Mit dieser etwas scharfen Entgegnung wurde das Gespräch abgebrochen. –

Der Duft der Wüste stieg empor; es wehte leise, leise in den Zweigen; wie Flügelschlag einer fliehenden Seele; die Sterne des Südens lächelten herab, als ob es kein Ereignis gegeben habe, durch welches die Ruhe und der tiefe Frieden des heiligen Berges in so entsetzlicher Weise gestört worden sei. Als Arthur auf Wunsch des sterbenden Vaters betete:

„Mein Leben und meine Ende

Ist Dein. In Deine Hände

Befehl ich, Vater, meinen Geist!“

hatten sein Schmerz und sein gewaltsam niedergehaltenes Schluchzen nur diesem Vater gegolten, und doch hatte er sein eigenes Sterbegebet gesprochen. Er hätte die Wüste verlassen sollen, um nach dem Heimatland seines Vaters zu pilgern; nun aber war er mit diesem eingegangen in eine Heimat, welche höher und herrlicher ist als alle Stätten der Erde. –

Kaum begann im Osten der Horizont sich leise aufzuhellen, so machten die beiden Mörder sich an die Arbeit, den Topf mit dem Gold und den Kostbarkeiten einzugraben. Sie fanden bereits nach kurzem Suchen einen außerordentlich passenden Ort, an welchem sie den geraubten Schatz für voraussichtlich nur kurze Zeit der Erde anvertrauten. Einige nur ihnen in die Augen fallende Kennzeichen dienten zur Bezeichnung dieser Stelle, und sodann begaben sie sich wieder nach der Hütte des Marabut.

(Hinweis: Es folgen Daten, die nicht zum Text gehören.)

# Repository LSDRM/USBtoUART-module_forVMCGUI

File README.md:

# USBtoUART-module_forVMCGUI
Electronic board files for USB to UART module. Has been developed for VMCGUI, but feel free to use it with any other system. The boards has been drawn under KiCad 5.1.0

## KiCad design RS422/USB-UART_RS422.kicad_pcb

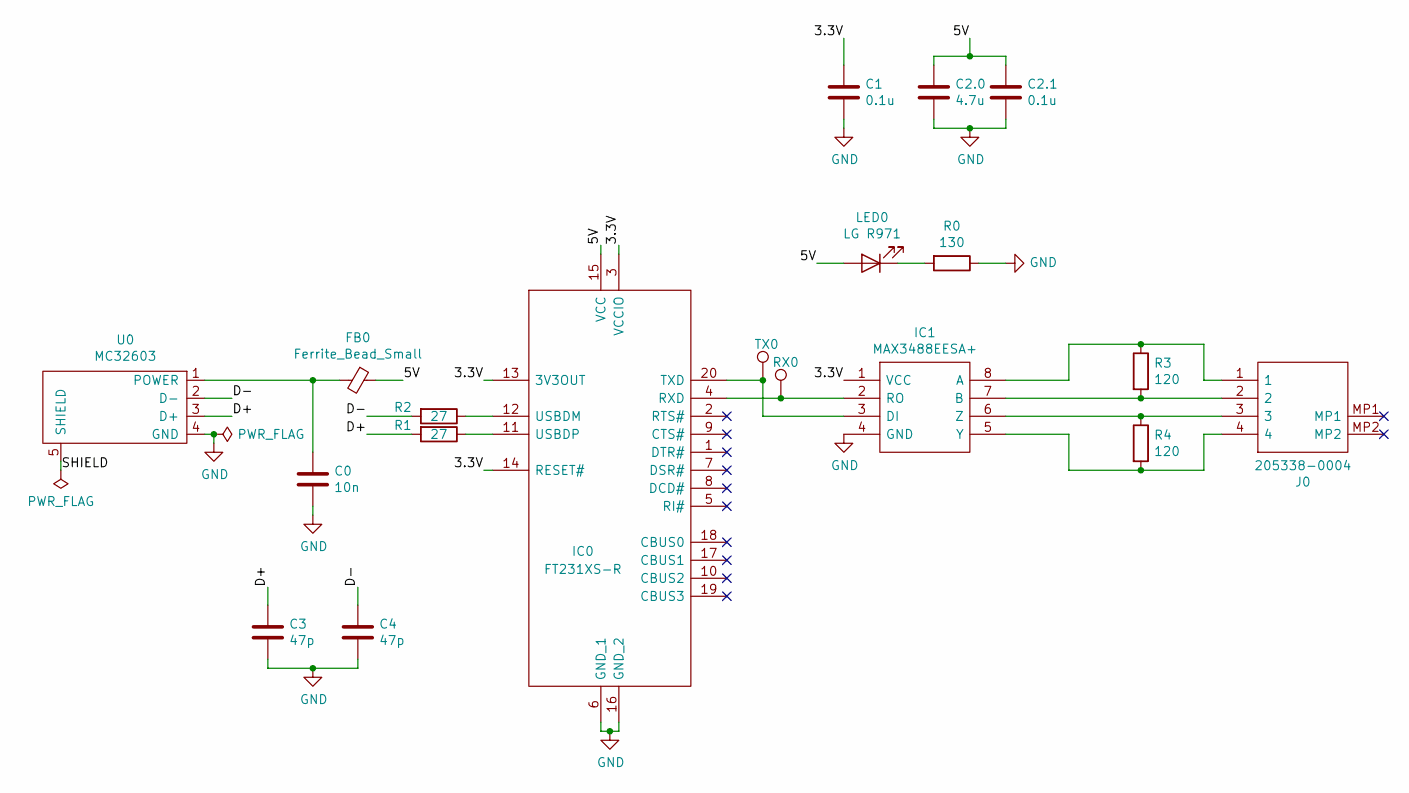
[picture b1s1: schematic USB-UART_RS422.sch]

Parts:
C0: 10n; C_1206_3216Metric_Pad1.33x1.80mm_HandSolder
C1, C2.1: 0.1u; C_0603_1608Metric_Pad1.08x0.95mm_HandSolder
C2.0: 4.7u; C_0603_1608Metric_Pad1.08x0.95mm_HandSolder
C3, C4: 47p; C_0805_2012Metric_Pad1.18x1.45mm_HandSolder
FB0: Ferrite_Bead_Small; L_0805_2012Metric_Pad1.15x1.40mm_HandSolder
IC0: FT231XS-R; SOP64P599X175-20N; Mouser Part Number 895-FT231XS-R
IC1: MAX3488EESA+; SOIC127P600X175-8N; Mouser Part Number 700-MAX3488EESA
J0: 205338-0004; 2053380004; Manufacturer_Part_Number 205338-0004; Mouser Part Number 538-205338-0004
LED0: LG R971; LED_0805_2012Metric_Pad1.15x1.40mm_HandSolder
R0: 130; R_0805_2012Metric_Pad1.20x1.40mm_HandSolder
R1, R2: 27; R_0805_2012Metric_Pad1.20x1.40mm_HandSolder
R3, R4: 120; R_0805_2012Metric_Pad1.20x1.40mm_HandSolder
RX0: TestPoint; TestPoint_THTPad_D2.5mm_Drill1.2mm
TX0: TestPoint; TestPoint_THTPad_D2.5mm_Drill1.2mm
U0: MC32603

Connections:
/3.3V: C1.1, IC0.3 (VCCIO), IC0.13 (3V3OUT), IC0.14 (RESET#), IC1.1 (VCC)
/5V: C2.0.1, C2.1.1, FB0.1, IC0.15 (VCC), LED0.2 (A)
/D+: C3.2, R1.2, U0.3 (D+)
/D-: C4.1, R2.2, U0.2 (D-)
/SHIELD: U0.5 (SHIELD)
GND: C0.2, C1.2, C2.0.2, C2.1.2, C3.1, C4.2, IC0.6 (GND_1), IC0.16 (GND_2), IC1.4 (GND), R0.1, U0.4 (GND)
unnamed: C0.1, FB0.2, U0.1 (POWER)
unnamed: IC0.4 (RXD), IC1.2 (RO), RX0.1
unnamed: IC0.11 (USBDP), R1.1
unnamed: IC0.12 (USBDM), R2.1
unnamed: IC0.20 (TXD), IC1.3 (DI), TX0.1
unnamed: IC1.5 (Y), J0.4, R4.2
unnamed: IC1.6 (Z), J0.3, R4.1
unnamed: IC1.7 (B), J0.2, R3.2
unnamed: IC1.8 (A), J0.1, R3.1
unnamed: LED0.1 (K), R0.2

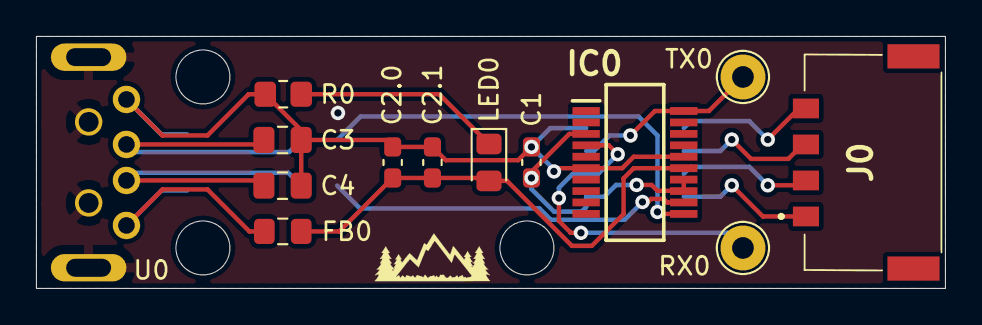
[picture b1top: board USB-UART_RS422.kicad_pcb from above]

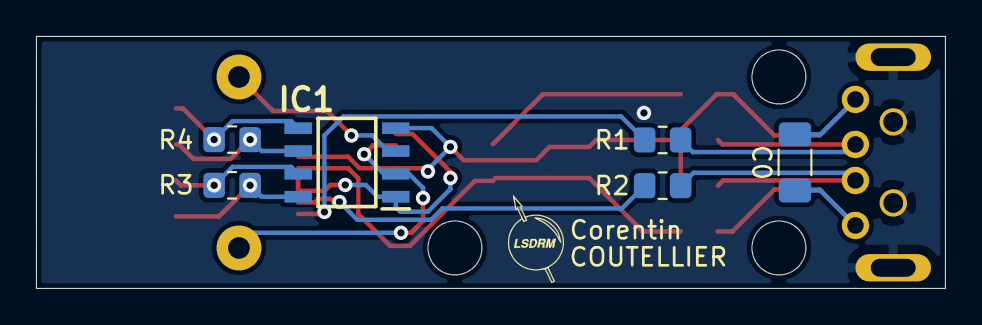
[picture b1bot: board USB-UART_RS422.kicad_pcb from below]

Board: 2 copper layers, 50.5 x 14.0 mm, 19 parts (6 on the bottom side), 15 nets.

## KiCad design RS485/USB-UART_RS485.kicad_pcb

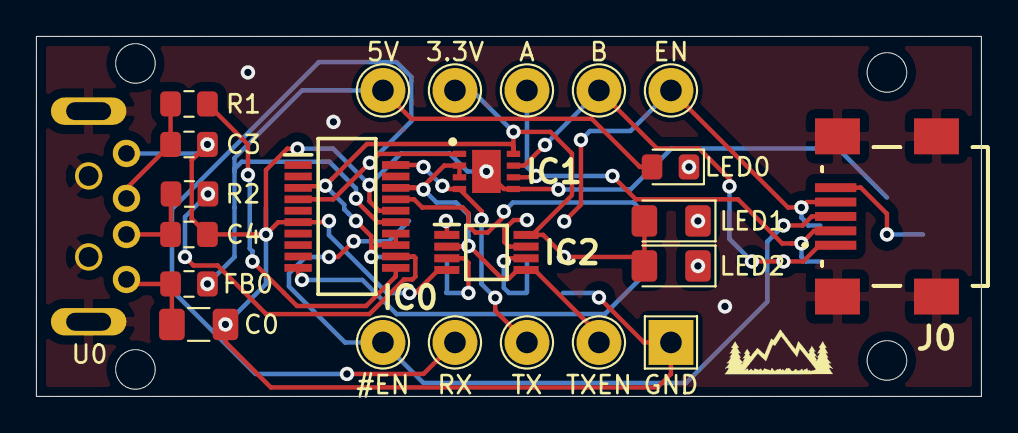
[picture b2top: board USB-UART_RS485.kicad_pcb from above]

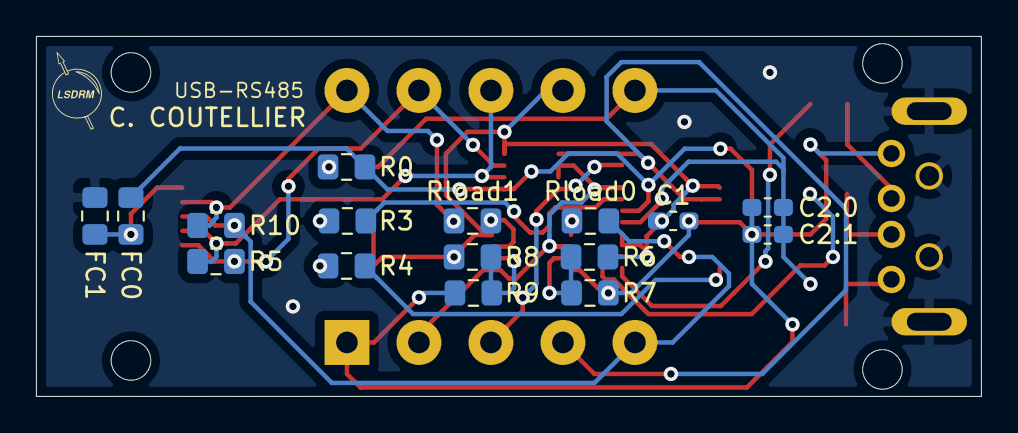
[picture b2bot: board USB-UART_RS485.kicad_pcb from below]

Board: 2 copper layers, 52.5 x 20.0 mm, 39 parts (16 on the bottom side), 26 nets.

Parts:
3.3V, 5V: TestPoint; TestPoint_THTPad_D2.5mm_Drill1.2mm
A: TestPoint; TestPoint_THTPad_D2.5mm_Drill1.2mm
B: TestPoint; TestPoint_THTPad_D2.5mm_Drill1.2mm
C0: 10n; C_1206_3216Metric_Pad1.42x1.75mm_HandSolder
C1, C2.1: 0.1u; C_0603_1608Metric_Pad1.05x0.95mm_HandSolder
C2.0: 4.7u; C_0603_1608Metric_Pad1.05x0.95mm_HandSolder
C3, C4: 47p; C_0805_2012Metric_Pad1.15x1.40mm_HandSolder
EN: TestPoint; TestPoint_THTPad_D2.5mm_Drill1.2mm
FB0: Ferrite_Bead_Small; L_0805_2012Metric_Pad1.15x1.40mm_HandSolder
FC0, FC1: R; R_0805_2012Metric_Pad1.15x1.40mm_HandSolder
GND: TestPoint; TestPoint_THTPad_2.5x2.5mm_Drill1.2mm
IC0: FT231XS-R; SOP64P599X175-20N
IC1: MAX14840EATA+; SON65P300X300X80-9N
IC2: NCS20032DMR2G; SOP65P490X110-8N
J0: USB2066-05-RBHM-15-STB-00-00-A; USB206605RBHM15STB0000A
LED0: LG R971; LED_0805_2012Metric_Pad1.15x1.40mm_HandSolder
LED1, LED2: KP-3216SURC; LED_1206_3216Metric_Pad1.42x1.75mm_HandSolder
R0: 130; R_0805_2012Metric_Pad1.15x1.40mm_HandSolder
R1, R2: 27; R_0805_2012Metric_Pad1.15x1.40mm_HandSolder
R3, R4: 68; R_0805_2012Metric_Pad1.15x1.40mm_HandSolder
R5, R10: 120; R_0805_2012Metric_Pad1.15x1.40mm_HandSolder
R6, R7, R8, R9: 1M; R_0805_2012Metric_Pad1.15x1.40mm_HandSolder
RX: TestPoint; TestPoint_THTPad_D2.5mm_Drill1.2mm
Rload0, Rload1: 10k; R_0805_2012Metric_Pad1.15x1.40mm_HandSolder
TX: TestPoint; TestPoint_THTPad_D2.5mm_Drill1.2mm
TXEN: TestPoint; TestPoint_THTPad_D2.5mm_Drill1.2mm
U0: MC32603

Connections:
/3.3V: 3.3V.1, C1.1, IC0.3, IC0.13, IC0.14, IC1.8, IC2.8, LED1.2, LED2.2, R6.2, R8.1
/5V: 5V.1, C2.0.1, C2.1.1, FB0.1, IC0.15, LED0.2
/#ENABLE: J0.3, R10.1, Rload0.2
/D+: C3.2, R1.2, U0.3
/D-: C4.1, R2.2, U0.2
/ENABLE: EN.1, J0.4, R10.2, Rload1.1
/SHIELD: FC1.2, J0.MP1, J0.MP2, J0.MP3, J0.MP4, U0.5
/TXDEN: IC0.18, IC1.2, IC1.3, IC2.2, IC2.5, TXEN.1
GND: C0.2, C1.2, C2.0.2, C2.1.2, C3.1, C4.2, FC0.2, GND.1, IC0.6, IC0.16, IC1.5, IC1.9, IC2.4, R0.1, R7.2, R9.2, U0.4
unnamed: A.1, IC1.6, J0.2, R5.2
unnamed: B.1, IC1.7, J0.1, R5.1
unnamed: C0.1, FB0.2, U0.1
unnamed: FC0.1, FC1.1, J0.5
unnamed: IC0.4, IC1.1, RX.1
unnamed: IC0.10, R4.1
unnamed: IC0.11, R1.1
unnamed: IC0.12, R2.1
unnamed: IC0.17, R3.1
unnamed: IC0.20, IC1.4, TX.1
unnamed: IC2.1, Rload0.1
unnamed: IC2.3, R6.1, R7.1
unnamed: IC2.6, R8.2, R9.1
unnamed: IC2.7, Rload1.2
unnamed: LED0.1, R0.2
unnamed: LED1.1, R3.2
unnamed: LED2.1, R4.2

Sie traten nochmals in das Innere, um sich nun auch beim Licht des hereinbrechenden Morgens zu überzeugen, daß keine Spur ihrer schaurigen Tat vorhanden sei. Dann ergriffen sie die Leiche des Ermordeten, um sie im tiefen Wald zu verscharren, zu welchem Zweck sie den in der Hütte vorgefundenen Spaten mitnahmen. Auch dieses unheimliche Geschäft wurde rasch beendet, dann aber machten sie sich auf den Weg, um ihre zurückgelassenen Pferde aufzusuchen. Sie fanden dieselben an Ort und Stelle und trabten bald, da die Tiere sich mittlerweile ziemlich erholt hatten, munter dem Osten zu, in welcher Richtung Biskra, ihr nächstes Ziel, zu suchen war.

ACHTES KAPITEL 

Heirat

Der alte ‚Marschall Vorwärts‘ hatte nach der siegreichen Schlacht bei Waterloo Frankreich zum zweiten Mal niedergeworfen. Paris war erobert und ein erneuter Frieden geschlossen worden, derselbe hatte Napoleon Thron und Freiheit gekostet. Er war nach der Insel St. Helena verbannt worden, von wo eine Rückkehr nicht so leicht zu bewerkstelligen war, als von Elba.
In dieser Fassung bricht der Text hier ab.